As the last horse over the finish line, Sony has finally begun hosting its show to deliver game news, State of Play. In a similar format to Nintendo Directs, State of Play aims to provide highlights of news in short 10-20 minute videos on a non-standard schedule. In this respect, Sony achieves precisely what they hoped to do, give a series of game news and announcements in one package. But part of what makes Nintendo Directs an event and so enjoyable, rather than just a series of video, is that they are presented as an actual show. People are talking, they are random asides happening, and clips that don’t directly relate to the news being announced. In short, the show provides more than the news itself. State of Play sadly doesn’t do this.
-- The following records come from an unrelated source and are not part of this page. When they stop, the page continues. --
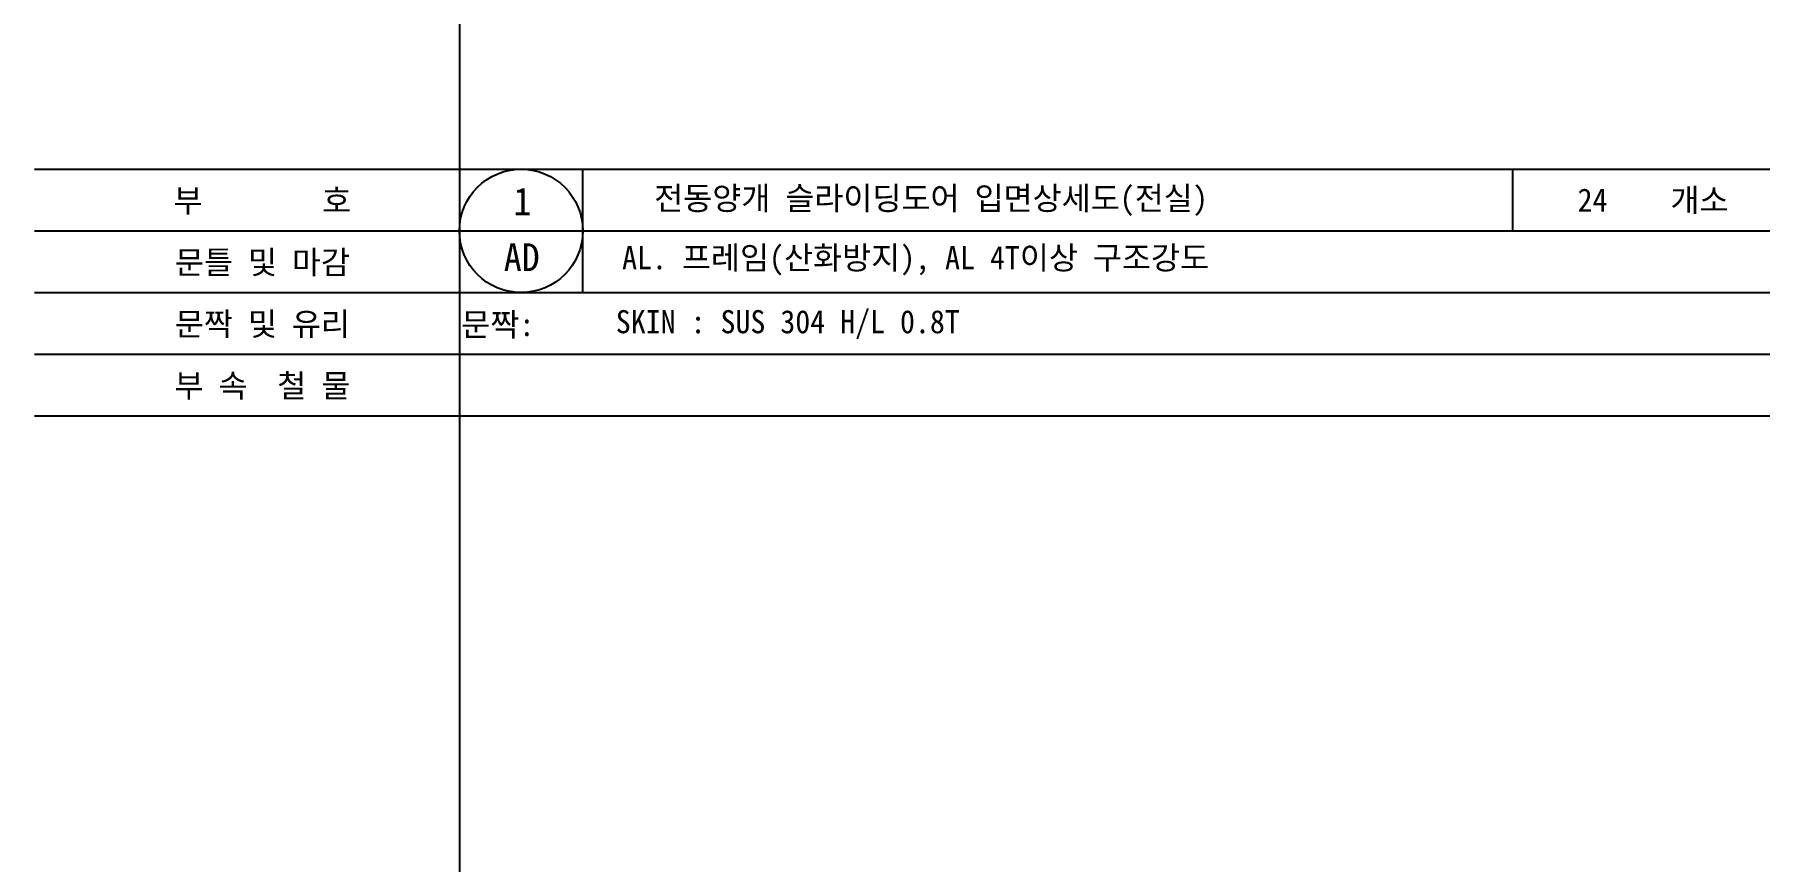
# Model space of a CAD drawing. Header units: millimetres. Extents: x 34479 to 326239, y 111570 to 168880.
# Drawn here: x 118479 to 129658, y 156678 to 162041 of the extents above; entities that cross this region are included whole.
import ezdxf
from ezdxf.enums import TextEntityAlignment as Align

# ---------------------------------------------------------------- set-up
doc = ezdxf.new("R2010")
doc.units = ezdxf.units.MM
doc.header["$LTSCALE"] = 100
doc.header["$MEASUREMENT"] = 0
doc.layers.add('A-XXXX-TABL', color=7, linetype='CONTINUOUS')
doc.layers.add('A-XXXX-TXT2', color=3, linetype='CONTINUOUS')
doc.styles.add('돋움체', font='')
doc.styles.get('돋움체').set_extended_font_data('DotumChe')

msp = doc.modelspace()

# ---------------------------------------------------------------- linework, layer by layer
at = {"layer": 'A-XXXX-TABL'}
for p, q in [((121232.39, 168880.27), (121232.39, 141285.46)), ((118478.88, 161167.07), (155216.38, 161167.07)), ((122032.39, 160367.07), (122032.39, 161167.07)), ((128058.81, 160767.07), (128058.81, 161167.07)), ((118478.88, 160767.07), (155216.38, 160767.07)), ((118478.88, 160367.07), (155216.38, 160367.07)), ((118478.88, 159967.07), (155216.38, 159967.07)), ((118478.88, 159567.07), (155216.38, 159567.07))]:
    msp.add_line(p, q, dxfattribs=at)
at = {"layer": 'A-XXXX-TABL', "color": 4}
msp.add_circle((121632.39, 160767.07), 400, dxfattribs=at)

# ---------------------------------------------------------------- texts
at = {"layer": 'A-XXXX-TXT2', "style": '돋움체'}
for s, height, p in [('부        호', 150, (119955.94, 160888.07)), ('1', 180, (121640.63, 160868.08)), ('문틀 및 마감', 150, (119955.94, 160488.07)), ('AD', 180, (121636.45, 160506.39)), ('문짝 및 유리', 150, (119955.94, 160088.07)), ('부 속  철 물', 150, (119955.94, 159688.07))]:
    msp.add_text(s, height=height, dxfattribs=at).set_placement(p, align=Align.CENTER)
msp.add_text('전동양개 슬라이딩도어 입면상세도(전실)', height=150, dxfattribs=at).set_placement((126082.61, 160858.6), align=Align.BOTTOM_RIGHT)
for s, p in [('24', (128479.37, 160967.07)), ('개소', (129081.08, 160967.07)), ('AL. 프레임(산화방지), AL 4T이상 구조강도', (122286.94, 160593, 0))]:
    msp.add_text(s, height=150, dxfattribs=at).set_placement(p, align=Align.MIDDLE_LEFT)
for s, p in [('문짝:', (121244.63, 160085.02)), ('SKIN : SUS 304 H/L 0.8T', (122246.1, 160103.12))]:
    msp.add_text(s, height=150, dxfattribs=at).set_placement(p)

doc.saveas('drawing.dxf')

Instead, State of Play simply serves as a time of the month in which game news can occur in this format. There is no need for the news to be displayed in this method; it just, is. Iron Man VR announcement? Great! But if all that is being provided is a trailer and a date, why couldn’t this only have been a trailer post? Why does it need to exist within this format of a show that doesn’t attempt to be a show? The same can be said for the rest of State of Play, mixing minor announcements, game releases, and everything in between to be a show that doesn’t serve to present the information in a show-like fashion. This is the same issue raised by some of us here at Critical Coins for E3, specifically:

…if all most of us are going to do is watch E3 at home, and if some of the biggest developers and publishers are just going to go with pre-recorded videos (such as Nintendo), then what’s the point of a physical convention at all? Post up the videos for watching, and we’ll be on our way.

The Problem With E3 – May 16, 2018

The difference being now for Sony is that this is being lumped into a show, without any additional value for doing so. Is anything gained by this format of presenting news? Doubtful. If anything, it detracts from the news being announced because of its failure to deliver.

Consider for a moment what a Nintendo Direct usually consists of in its entirety. Game-specific news is the main attraction, featuring bits of information on new features or gameplay, but often provides something more substantial like a release date window. In the case of some Nintendo Directs, they could present a long-form or further in-depth analysis of a specific game, but not at the cost of the smaller information of other titles as well. The second piece of news is game announcements, and a Nintendo Direct (except game-specific ones) always has some game announcement, with many having multiple throughout their presentation. It is these two factors, with the combination of the additional elements outside of the announcements and formatting, that make it so appealing. State of Play lacks all of these elements to a significant degree that the show suffers for it, and so do the viewers who wish to watch it. The announcements are okay but are quickly pushed aside for something else, the information in the middle is more so highlights than news, and the whole event ended with a new trailer for a game everyone knew was coming with nothing meaningful being added.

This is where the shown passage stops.